◆ About this task:
A faithful, complete copy of the records is required.

◆ Working data:
----------

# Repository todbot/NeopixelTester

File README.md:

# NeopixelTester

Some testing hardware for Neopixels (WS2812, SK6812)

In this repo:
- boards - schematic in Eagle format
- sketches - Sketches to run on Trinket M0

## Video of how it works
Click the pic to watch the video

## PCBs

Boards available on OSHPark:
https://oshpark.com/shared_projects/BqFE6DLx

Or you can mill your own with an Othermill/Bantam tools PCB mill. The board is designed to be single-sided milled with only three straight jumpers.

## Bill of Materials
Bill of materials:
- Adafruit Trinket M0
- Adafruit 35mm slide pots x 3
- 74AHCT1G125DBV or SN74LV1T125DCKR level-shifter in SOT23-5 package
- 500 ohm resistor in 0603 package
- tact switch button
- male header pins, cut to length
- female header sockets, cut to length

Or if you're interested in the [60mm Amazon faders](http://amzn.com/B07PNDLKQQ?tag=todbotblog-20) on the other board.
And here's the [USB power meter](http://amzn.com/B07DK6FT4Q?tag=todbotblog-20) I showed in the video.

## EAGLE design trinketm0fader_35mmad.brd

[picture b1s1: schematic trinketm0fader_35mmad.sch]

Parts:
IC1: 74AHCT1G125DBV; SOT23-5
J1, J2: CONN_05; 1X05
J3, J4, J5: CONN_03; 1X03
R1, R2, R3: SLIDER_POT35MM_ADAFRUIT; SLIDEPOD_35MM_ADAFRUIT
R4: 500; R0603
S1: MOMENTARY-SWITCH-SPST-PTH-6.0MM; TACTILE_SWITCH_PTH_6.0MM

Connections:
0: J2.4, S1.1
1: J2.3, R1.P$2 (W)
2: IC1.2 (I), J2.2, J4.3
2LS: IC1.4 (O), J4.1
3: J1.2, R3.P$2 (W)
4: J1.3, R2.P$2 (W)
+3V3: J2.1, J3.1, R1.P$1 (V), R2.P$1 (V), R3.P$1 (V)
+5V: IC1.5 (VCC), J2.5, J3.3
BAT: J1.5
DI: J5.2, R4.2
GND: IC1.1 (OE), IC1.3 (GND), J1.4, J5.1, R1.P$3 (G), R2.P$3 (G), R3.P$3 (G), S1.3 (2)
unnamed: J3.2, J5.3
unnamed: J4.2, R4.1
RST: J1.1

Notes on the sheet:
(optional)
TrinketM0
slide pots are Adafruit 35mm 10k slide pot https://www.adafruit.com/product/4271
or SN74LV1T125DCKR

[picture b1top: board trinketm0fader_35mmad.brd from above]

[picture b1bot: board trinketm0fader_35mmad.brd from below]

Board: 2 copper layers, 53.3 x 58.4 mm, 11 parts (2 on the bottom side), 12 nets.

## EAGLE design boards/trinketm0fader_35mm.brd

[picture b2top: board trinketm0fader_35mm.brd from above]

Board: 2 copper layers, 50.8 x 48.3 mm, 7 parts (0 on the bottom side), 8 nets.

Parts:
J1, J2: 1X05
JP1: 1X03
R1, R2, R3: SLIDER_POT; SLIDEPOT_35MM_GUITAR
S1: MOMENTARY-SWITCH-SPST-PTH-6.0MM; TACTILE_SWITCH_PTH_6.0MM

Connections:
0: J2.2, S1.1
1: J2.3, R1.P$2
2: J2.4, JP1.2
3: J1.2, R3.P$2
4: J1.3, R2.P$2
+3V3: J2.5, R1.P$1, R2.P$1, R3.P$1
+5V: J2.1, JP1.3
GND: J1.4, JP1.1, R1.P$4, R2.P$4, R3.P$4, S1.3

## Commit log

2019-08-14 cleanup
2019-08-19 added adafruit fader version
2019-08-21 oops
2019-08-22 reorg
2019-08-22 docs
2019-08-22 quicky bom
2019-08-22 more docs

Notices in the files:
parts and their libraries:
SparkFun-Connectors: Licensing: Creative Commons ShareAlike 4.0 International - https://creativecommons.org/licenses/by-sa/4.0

----------

◆ Answer box:
# Repository todbot/NeopixelTester

File README.md:

# NeopixelTester

Some testing hardware for Neopixels (WS2812, SK6812)

In this repo:
- boards - schematic in Eagle format
- sketches - Sketches to run on Trinket M0

## Video of how it works
Click the pic to watch the video

## PCBs

Boards available on OSHPark:
https://oshpark.com/shared_projects/BqFE6DLx

Or you can mill your own with an Othermill/Bantam tools PCB mill. The board is designed to be single-sided milled with only three straight jumpers.

## Bill of Materials
Bill of materials:
- Adafruit Trinket M0
- Adafruit 35mm slide pots x 3
- 74AHCT1G125DBV or SN74LV1T125DCKR level-shifter in SOT23-5 package
- 500 ohm resistor in 0603 package
- tact switch button
- male header pins, cut to length
- female header sockets, cut to length

Or if you're interested in the [60mm Amazon faders](http://amzn.com/B07PNDLKQQ?tag=todbotblog-20) on the other board.
And here's the [USB power meter](http://amzn.com/B07DK6FT4Q?tag=todbotblog-20) I showed in the video.

## EAGLE design trinketm0fader_35mmad.brd

[picture b1s1: schematic trinketm0fader_35mmad.sch]

Parts:
IC1: 74AHCT1G125DBV; SOT23-5
J1, J2: CONN_05; 1X05
J3, J4, J5: CONN_03; 1X03
R1, R2, R3: SLIDER_POT35MM_ADAFRUIT; SLIDEPOD_35MM_ADAFRUIT
R4: 500; R0603
S1: MOMENTARY-SWITCH-SPST-PTH-6.0MM; TACTILE_SWITCH_PTH_6.0MM

Connections:
0: J2.4, S1.1
1: J2.3, R1.P$2 (W)
2: IC1.2 (I), J2.2, J4.3
2LS: IC1.4 (O), J4.1
3: J1.2, R3.P$2 (W)
4: J1.3, R2.P$2 (W)
+3V3: J2.1, J3.1, R1.P$1 (V), R2.P$1 (V), R3.P$1 (V)
+5V: IC1.5 (VCC), J2.5, J3.3
BAT: J1.5
DI: J5.2, R4.2
GND: IC1.1 (OE), IC1.3 (GND), J1.4, J5.1, R1.P$3 (G), R2.P$3 (G), R3.P$3 (G), S1.3 (2)
unnamed: J3.2, J5.3
unnamed: J4.2, R4.1
RST: J1.1

Notes on the sheet:
(optional)
TrinketM0
slide pots are Adafruit 35mm 10k slide pot https://www.adafruit.com/product/4271
or SN74LV1T125DCKR

[picture b1top: board trinketm0fader_35mmad.brd from above]

[picture b1bot: board trinketm0fader_35mmad.brd from below]

Board: 2 copper layers, 53.3 x 58.4 mm, 11 parts (2 on the bottom side), 12 nets.

## EAGLE design boards/trinketm0fader_35mm.brd

[picture b2top: board trinketm0fader_35mm.brd from above]

Board: 2 copper layers, 50.8 x 48.3 mm, 7 parts (0 on the bottom side), 8 nets.

Parts:
J1, J2: 1X05
JP1: 1X03
R1, R2, R3: SLIDER_POT; SLIDEPOT_35MM_GUITAR
S1: MOMENTARY-SWITCH-SPST-PTH-6.0MM; TACTILE_SWITCH_PTH_6.0MM

Connections:
0: J2.2, S1.1
1: J2.3, R1.P$2
2: J2.4, JP1.2
3: J1.2, R3.P$2
4: J1.3, R2.P$2
+3V3: J2.5, R1.P$1, R2.P$1, R3.P$1
+5V: J2.1, JP1.3
GND: J1.4, JP1.1, R1.P$4, R2.P$4, R3.P$4, S1.3

## Commit log

2019-08-14 cleanup
2019-08-19 added adafruit fader version
2019-08-21 oops
2019-08-22 reorg
2019-08-22 docs
2019-08-22 quicky bom
2019-08-22 more docs

Notices in the files:
parts and their libraries:
SparkFun-Connectors: Licensing: Creative Commons ShareAlike 4.0 International - https://creativecommons.org/licenses/by-sa/4.0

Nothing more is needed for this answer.